Demodulating the first carrier information to obtain second carrier information;

Decoding and re-encoding the second carrier information to obtain original carrier information;

The original carrier information is remodulated to obtain third carrier information.
The information detecting apparatus according to any one of claims 5 to 7, wherein the determining unit is further configured to: when the determining unit determines that the first standard deviation is less than or equal to the preset threshold, It is determined that there is no secret information in the first carrier information.
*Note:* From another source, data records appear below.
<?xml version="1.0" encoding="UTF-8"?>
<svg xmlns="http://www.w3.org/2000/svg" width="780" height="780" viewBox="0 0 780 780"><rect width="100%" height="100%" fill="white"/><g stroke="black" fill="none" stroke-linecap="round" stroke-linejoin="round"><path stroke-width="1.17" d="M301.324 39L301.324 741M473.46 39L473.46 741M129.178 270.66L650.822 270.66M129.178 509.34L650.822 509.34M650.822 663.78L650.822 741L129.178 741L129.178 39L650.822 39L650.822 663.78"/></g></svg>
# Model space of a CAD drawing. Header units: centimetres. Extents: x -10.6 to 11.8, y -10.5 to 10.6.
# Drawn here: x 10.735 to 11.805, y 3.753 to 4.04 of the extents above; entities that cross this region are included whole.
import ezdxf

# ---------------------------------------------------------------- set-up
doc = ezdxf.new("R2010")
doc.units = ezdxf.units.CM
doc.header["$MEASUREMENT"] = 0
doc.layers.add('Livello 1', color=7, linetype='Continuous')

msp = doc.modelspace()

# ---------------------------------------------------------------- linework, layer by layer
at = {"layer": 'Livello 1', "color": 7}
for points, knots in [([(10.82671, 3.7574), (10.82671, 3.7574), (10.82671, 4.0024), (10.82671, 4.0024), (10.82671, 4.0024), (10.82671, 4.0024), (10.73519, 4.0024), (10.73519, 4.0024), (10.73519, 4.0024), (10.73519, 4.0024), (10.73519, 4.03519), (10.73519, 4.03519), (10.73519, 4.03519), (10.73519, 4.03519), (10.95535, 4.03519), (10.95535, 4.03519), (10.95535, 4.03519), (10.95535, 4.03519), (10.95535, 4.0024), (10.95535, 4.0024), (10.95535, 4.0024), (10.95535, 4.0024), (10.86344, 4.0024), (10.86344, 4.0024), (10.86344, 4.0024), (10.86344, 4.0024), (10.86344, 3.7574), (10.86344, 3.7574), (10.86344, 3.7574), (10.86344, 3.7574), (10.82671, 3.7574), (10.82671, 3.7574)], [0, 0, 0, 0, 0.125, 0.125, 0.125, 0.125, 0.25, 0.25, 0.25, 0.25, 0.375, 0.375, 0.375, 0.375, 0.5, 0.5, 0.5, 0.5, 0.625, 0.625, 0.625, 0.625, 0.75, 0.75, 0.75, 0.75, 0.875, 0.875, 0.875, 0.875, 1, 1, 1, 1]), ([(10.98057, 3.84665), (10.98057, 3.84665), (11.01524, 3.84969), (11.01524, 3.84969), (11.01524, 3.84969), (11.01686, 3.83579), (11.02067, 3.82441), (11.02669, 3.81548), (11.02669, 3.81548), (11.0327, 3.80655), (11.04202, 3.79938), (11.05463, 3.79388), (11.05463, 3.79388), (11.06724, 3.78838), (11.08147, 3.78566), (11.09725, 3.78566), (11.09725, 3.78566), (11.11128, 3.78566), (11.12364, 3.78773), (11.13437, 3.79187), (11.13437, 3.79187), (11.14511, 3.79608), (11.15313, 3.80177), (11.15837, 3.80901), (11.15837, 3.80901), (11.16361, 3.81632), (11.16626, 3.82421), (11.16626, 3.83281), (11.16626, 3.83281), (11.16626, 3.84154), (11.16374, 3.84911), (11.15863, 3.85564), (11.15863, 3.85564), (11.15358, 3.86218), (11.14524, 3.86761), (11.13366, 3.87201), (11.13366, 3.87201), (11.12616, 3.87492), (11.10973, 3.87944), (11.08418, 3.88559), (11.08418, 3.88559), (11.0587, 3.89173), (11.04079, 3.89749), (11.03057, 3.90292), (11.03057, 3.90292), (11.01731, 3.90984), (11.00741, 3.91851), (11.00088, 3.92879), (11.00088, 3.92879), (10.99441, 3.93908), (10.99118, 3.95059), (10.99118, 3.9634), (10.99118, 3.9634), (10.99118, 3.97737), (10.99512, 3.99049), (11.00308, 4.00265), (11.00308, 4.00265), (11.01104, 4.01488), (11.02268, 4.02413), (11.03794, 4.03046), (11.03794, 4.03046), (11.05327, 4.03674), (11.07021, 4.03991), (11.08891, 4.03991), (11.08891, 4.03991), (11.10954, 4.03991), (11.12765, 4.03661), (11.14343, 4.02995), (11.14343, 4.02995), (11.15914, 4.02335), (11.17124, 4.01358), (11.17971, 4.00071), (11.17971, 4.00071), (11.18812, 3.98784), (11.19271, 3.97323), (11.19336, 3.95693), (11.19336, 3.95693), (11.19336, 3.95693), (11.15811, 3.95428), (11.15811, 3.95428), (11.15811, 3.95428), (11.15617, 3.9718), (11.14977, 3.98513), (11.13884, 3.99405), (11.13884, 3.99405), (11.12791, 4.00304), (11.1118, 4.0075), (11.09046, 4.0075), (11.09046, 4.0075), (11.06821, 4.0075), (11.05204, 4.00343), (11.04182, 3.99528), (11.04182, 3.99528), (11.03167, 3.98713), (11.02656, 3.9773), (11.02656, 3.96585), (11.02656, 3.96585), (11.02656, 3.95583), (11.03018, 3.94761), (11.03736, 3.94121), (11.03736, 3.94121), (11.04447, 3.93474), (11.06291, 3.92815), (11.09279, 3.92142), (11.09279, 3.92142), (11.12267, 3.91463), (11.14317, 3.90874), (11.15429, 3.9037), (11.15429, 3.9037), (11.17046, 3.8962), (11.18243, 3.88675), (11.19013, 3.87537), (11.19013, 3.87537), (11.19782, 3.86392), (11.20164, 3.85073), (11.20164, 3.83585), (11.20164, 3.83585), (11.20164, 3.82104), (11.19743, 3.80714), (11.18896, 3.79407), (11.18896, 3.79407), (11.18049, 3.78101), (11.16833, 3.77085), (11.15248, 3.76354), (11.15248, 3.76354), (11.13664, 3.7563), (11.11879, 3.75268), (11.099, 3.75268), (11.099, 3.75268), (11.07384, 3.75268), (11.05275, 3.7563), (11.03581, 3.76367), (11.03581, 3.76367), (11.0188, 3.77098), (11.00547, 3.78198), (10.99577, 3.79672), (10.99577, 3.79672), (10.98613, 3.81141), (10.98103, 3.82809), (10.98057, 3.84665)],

A receiving device, comprising: a processor and a memory, the processor executing the computer program stored in the memory to implement the optimized packet-based information according to any one of claims 1 to Detection method.
A computer readable storage medium, characterized in that the computer readable storage medium stores at least one instruction, the at least one instruction being executed by a processor to implement the optimization based on any one of claims 1 to 4 Grouped information detection method.